Data items
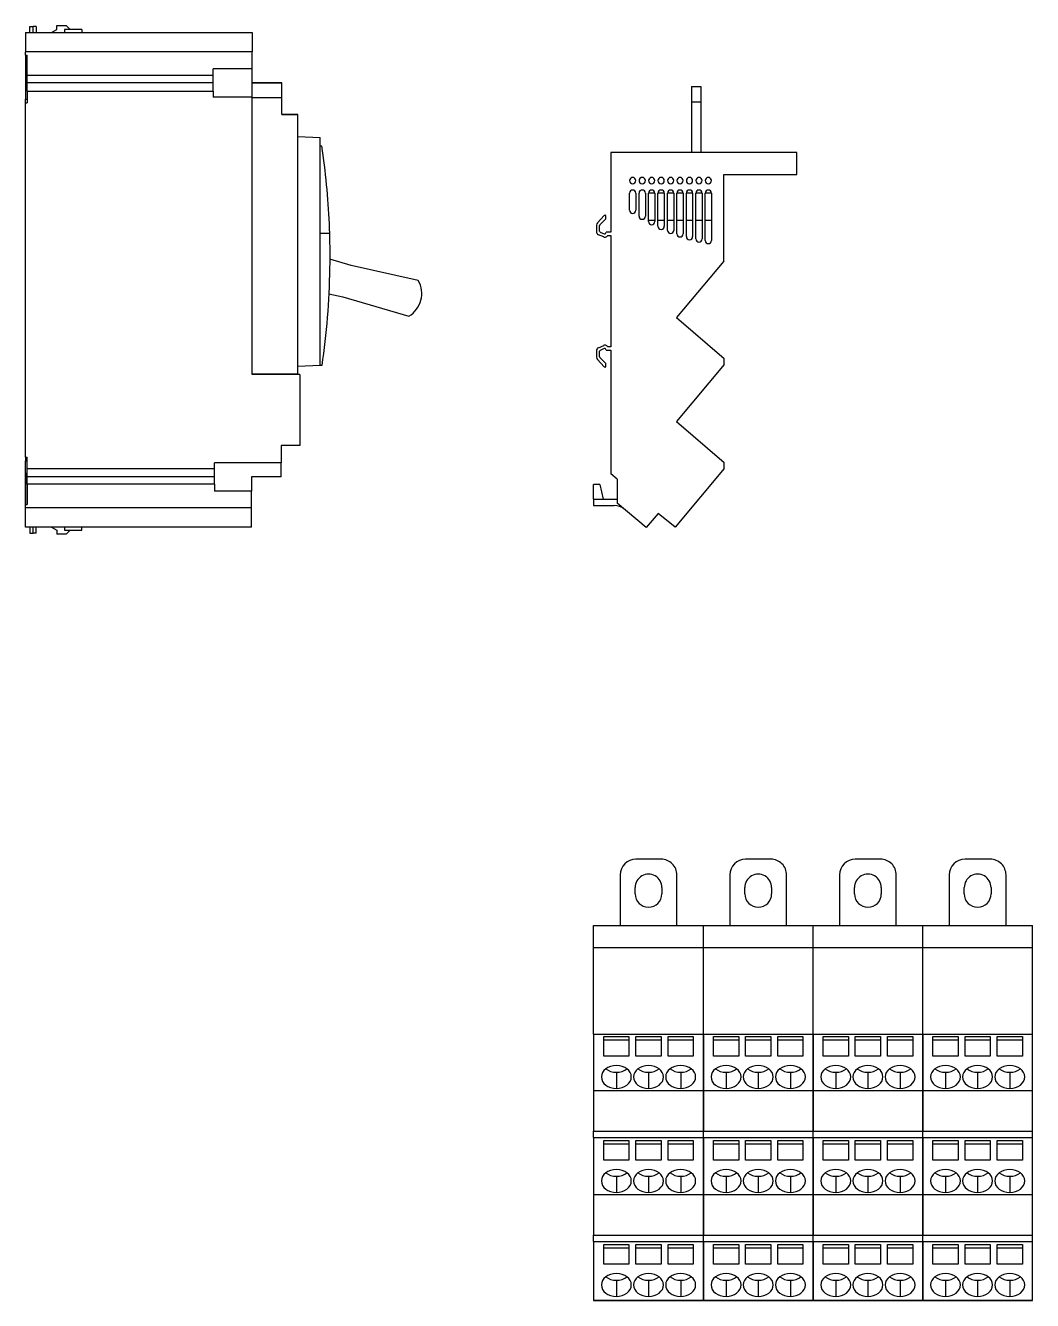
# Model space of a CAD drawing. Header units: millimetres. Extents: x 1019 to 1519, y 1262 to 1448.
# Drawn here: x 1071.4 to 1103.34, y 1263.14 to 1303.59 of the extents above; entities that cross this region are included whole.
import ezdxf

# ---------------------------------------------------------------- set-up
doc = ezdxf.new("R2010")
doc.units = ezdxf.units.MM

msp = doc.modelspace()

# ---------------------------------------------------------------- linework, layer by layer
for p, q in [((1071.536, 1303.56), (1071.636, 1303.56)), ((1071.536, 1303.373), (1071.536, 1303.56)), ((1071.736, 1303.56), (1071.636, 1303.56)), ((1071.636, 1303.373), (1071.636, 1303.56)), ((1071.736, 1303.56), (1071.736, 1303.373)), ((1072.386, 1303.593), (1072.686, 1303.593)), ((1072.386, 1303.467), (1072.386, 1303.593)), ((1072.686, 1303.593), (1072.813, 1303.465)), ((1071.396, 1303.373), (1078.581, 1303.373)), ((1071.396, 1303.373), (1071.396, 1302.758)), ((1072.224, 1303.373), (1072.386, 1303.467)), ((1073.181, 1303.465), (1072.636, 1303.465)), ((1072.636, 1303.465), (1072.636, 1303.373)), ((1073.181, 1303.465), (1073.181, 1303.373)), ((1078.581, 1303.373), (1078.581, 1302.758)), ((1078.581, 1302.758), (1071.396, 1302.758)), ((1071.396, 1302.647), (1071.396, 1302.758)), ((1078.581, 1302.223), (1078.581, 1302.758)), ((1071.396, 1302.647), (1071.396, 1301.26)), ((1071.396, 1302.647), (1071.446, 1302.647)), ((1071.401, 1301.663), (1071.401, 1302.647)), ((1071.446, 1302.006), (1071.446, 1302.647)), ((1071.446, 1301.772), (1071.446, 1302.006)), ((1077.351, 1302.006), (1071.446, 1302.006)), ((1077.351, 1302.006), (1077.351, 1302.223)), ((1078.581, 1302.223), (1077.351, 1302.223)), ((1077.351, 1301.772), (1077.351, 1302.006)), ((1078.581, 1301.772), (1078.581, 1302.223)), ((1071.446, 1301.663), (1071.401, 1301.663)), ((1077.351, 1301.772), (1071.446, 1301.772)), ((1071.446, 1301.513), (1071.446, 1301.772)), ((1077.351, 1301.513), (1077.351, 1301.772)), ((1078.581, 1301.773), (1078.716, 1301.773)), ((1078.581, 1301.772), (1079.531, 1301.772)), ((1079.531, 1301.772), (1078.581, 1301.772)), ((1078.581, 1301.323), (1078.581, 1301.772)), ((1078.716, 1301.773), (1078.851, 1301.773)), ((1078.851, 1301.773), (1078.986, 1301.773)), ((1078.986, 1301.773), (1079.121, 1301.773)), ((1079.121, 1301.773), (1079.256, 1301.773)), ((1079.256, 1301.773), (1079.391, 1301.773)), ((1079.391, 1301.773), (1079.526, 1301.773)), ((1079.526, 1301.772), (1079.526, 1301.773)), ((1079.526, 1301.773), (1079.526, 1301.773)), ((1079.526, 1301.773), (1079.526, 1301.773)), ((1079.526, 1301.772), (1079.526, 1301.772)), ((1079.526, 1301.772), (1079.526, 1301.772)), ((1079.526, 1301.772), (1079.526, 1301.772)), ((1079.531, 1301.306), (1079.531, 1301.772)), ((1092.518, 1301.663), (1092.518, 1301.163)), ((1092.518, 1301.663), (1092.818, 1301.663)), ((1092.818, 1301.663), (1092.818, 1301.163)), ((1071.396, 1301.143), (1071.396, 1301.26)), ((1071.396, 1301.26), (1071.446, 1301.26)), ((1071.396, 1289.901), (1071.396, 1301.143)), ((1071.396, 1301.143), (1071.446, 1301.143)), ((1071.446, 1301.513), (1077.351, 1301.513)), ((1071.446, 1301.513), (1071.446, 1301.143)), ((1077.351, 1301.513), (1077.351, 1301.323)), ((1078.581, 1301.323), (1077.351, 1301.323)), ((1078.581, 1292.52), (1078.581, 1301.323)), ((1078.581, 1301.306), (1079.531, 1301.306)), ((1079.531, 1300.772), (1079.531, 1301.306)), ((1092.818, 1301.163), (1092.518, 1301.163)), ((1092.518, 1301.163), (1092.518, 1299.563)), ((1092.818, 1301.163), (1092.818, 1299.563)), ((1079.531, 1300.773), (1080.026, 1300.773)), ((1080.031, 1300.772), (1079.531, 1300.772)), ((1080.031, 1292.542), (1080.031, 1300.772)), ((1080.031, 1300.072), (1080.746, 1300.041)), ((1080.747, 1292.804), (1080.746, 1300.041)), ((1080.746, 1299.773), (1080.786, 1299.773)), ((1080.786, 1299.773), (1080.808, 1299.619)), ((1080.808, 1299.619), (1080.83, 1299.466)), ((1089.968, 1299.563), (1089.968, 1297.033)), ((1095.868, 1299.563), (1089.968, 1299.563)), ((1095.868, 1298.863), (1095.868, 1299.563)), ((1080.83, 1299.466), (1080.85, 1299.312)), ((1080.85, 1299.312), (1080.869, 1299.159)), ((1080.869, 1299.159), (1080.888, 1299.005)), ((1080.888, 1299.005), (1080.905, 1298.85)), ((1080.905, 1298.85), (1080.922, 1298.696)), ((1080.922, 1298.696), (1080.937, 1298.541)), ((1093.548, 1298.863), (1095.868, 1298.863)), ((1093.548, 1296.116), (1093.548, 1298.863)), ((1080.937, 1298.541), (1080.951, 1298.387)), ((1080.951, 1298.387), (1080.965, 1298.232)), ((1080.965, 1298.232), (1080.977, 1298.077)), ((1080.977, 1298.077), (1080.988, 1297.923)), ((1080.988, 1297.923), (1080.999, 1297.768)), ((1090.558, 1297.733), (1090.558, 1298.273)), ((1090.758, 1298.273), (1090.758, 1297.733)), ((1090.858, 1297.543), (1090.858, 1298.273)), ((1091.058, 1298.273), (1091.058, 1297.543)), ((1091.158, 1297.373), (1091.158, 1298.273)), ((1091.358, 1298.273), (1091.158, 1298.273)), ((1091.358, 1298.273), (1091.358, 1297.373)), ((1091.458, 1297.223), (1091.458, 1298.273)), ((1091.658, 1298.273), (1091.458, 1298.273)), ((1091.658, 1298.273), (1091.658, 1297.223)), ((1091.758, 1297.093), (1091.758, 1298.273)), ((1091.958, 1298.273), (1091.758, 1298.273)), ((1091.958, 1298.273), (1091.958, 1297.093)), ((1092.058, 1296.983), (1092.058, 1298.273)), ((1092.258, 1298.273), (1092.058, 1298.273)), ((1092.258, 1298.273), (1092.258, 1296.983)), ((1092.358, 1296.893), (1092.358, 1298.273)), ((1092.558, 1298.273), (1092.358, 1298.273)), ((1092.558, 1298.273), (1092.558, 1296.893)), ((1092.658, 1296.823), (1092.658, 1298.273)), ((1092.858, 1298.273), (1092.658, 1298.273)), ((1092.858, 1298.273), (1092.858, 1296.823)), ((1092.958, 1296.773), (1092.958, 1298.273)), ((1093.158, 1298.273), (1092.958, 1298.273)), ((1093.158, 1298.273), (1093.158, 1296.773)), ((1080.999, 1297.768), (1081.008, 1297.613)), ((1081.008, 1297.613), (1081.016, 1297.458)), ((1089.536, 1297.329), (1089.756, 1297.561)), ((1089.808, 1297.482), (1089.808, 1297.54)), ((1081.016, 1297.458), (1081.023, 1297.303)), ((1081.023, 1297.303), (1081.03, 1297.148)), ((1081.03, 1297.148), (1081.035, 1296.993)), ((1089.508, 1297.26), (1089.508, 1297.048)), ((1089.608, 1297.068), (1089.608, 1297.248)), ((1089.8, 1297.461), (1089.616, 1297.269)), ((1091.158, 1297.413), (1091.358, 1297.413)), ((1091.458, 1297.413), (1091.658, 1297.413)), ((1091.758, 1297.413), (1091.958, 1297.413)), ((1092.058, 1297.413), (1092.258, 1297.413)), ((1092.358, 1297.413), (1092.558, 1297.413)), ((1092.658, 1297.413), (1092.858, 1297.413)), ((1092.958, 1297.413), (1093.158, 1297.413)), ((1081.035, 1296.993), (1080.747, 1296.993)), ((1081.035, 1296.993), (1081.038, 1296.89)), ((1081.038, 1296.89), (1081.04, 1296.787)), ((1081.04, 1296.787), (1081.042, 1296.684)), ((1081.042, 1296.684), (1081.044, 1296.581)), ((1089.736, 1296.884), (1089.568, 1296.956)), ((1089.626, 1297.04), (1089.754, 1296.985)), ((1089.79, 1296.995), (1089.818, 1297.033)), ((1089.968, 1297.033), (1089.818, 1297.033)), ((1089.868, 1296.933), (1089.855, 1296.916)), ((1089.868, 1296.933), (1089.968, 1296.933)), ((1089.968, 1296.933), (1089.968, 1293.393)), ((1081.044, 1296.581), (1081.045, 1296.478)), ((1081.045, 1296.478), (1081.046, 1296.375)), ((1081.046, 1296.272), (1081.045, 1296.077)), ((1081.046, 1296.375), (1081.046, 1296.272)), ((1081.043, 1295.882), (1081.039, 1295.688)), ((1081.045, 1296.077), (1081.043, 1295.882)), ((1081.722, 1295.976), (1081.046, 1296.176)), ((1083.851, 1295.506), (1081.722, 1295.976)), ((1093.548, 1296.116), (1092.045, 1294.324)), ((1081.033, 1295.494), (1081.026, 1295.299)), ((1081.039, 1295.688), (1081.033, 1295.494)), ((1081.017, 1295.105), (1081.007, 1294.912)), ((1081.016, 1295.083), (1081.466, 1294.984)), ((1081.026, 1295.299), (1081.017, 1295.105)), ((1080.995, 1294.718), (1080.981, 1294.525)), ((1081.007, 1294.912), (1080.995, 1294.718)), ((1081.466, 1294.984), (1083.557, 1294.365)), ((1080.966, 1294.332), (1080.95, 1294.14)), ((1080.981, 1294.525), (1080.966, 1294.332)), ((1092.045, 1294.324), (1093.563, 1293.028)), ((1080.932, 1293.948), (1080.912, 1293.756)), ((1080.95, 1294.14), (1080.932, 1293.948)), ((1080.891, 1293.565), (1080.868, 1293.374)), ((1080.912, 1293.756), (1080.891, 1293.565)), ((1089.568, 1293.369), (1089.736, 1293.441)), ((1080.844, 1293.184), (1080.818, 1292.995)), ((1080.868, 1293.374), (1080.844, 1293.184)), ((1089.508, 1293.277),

WORK TASK => Among the entries above, copy exactly only the lines starting with the one containing "import ezdxf" and going through the one containing "layer by layer", both ends included.

YOUR RESPONSE =>
import ezdxf

# ---------------------------------------------------------------- set-up
doc = ezdxf.new("R2010")
doc.units = ezdxf.units.MM

msp = doc.modelspace()

# ---------------------------------------------------------------- linework, layer by layer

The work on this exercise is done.